The following pics are examples of what is available for decals.

Custom text can be added in any font around any decal.


































































































































Custom decal inquiries should be sent to my email address with the Subject Line to include "Custom Decal Inquiries".


----------



## texpitbull2 (Aug 13, 2007)

if you find any decals of pitbulls , post them up for all to see.:thumbsup:


----------



## Niclexis (Dec 9, 2005)

For Calvin peeing put BSL for the text LOL


----------



## ErikH (May 26, 2005)

Thread stickied. I spoke with Nick on the phone about this earlier and if there's a lot of interest in it, we will eventually be turning it into something larger, probably with it's own website, etc.


----------



## wheezie (Aug 4, 2006)

tex the decals look great i will deffitnitly be getting one!!!!


----------



## BlueDiva (Jul 20, 2007)

Here is the idea i had for a decal... I stole the idea from my honda days. you used to be able to get "i (heart) my honda" decals. either way, how much would i be looking for a 2" x 10" decal?


----------



## American_Pit13 (Apr 23, 2007)

BlueDiva said:


> Here is the idea i had for a decal... I stole the idea from my honda days. you used to be able to get "i (heart) my honda" decals. either way, how much would i be looking for a 2" x 10" decal?


Thats cute.

As for the other decals awesome I will be ordering soon for 3 vehicle's lol...


----------



## redog (Oct 14, 2005)

hook it up bro, this a great idea, can you make bumper stickers out of the GoPitbull banner with Ortega? I also love the caption "learn the truth"


----------



## italianwjt (Aug 5, 2007)

redog said:


> hook it up bro, this a great idea, can you make bumper stickers out of the GoPitbull banner with Ortega? I also love the caption "learn the truth"

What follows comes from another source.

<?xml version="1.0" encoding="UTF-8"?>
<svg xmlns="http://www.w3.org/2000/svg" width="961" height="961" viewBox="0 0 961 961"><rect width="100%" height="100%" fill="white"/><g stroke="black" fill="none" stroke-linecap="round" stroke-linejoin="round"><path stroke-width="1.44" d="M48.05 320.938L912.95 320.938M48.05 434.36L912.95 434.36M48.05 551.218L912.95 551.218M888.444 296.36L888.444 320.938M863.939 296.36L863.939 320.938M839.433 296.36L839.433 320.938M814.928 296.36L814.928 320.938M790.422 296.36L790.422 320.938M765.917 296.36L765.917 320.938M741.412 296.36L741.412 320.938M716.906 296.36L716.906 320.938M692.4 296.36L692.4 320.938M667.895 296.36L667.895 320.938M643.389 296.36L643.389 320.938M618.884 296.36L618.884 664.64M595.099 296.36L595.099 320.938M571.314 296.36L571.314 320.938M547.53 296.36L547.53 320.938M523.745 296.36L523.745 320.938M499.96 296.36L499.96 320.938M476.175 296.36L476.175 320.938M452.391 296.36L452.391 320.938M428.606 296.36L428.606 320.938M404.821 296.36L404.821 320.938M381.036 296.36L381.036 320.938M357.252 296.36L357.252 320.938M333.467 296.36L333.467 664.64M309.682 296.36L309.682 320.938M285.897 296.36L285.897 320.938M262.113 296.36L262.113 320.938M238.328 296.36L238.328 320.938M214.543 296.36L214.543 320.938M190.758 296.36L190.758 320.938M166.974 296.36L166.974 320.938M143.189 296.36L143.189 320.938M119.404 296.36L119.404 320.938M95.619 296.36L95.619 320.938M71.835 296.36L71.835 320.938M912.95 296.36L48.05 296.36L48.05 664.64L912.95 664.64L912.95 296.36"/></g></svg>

ooh, i like that!..."learn the truth.


----------



## American_Pit13 (Apr 23, 2007)

Yes "learn the true" that is awesome.


----------



## MY MIKADO (Apr 7, 2006)

I know I'll be getting one just as soon as I get a new car as I smucked mine up on tuesday. I love them all.


----------



## FyrFytr998 (Sep 19, 2007)

I have a tattoo of the last pit decal image. I got it way back in 1990. A little faded, but still get compliments on it.


----------



## litter mates (Jun 5, 2007)

can you make some with the dogs ears cropped?


----------



## texpitbull2 (Aug 13, 2007)

I'll be drawing some up with the ears on soon as I get a lil time . I went back to work in the oil field so time is hard to come by right now . I am working in the shop now but the hours are long . hope yall can bare with me on it . if you want to order one that is up tho the wife can take care of it .


----------



## texpitbull2 (Aug 13, 2007)

I'll be drawing some up with the ears on soon as I get a lil time . I went back to work in the oil field so time is hard to come by right now . I am working in the shop now but the hours are long . hope yall can bare with me on it . if you want to order one that is up tho the wife can take care of it .


----------



## Patch O' Pits (Aug 3, 2007)

Beautiful job!!!:woof:

I need one made too


----------



## redog (Oct 14, 2005)

I need a "MY PITBULL IS SMARTER THAN YOUR HONOR ROLL STUDENT" sticker!


----------



## Indigo Bully Connection (Dec 21, 2006)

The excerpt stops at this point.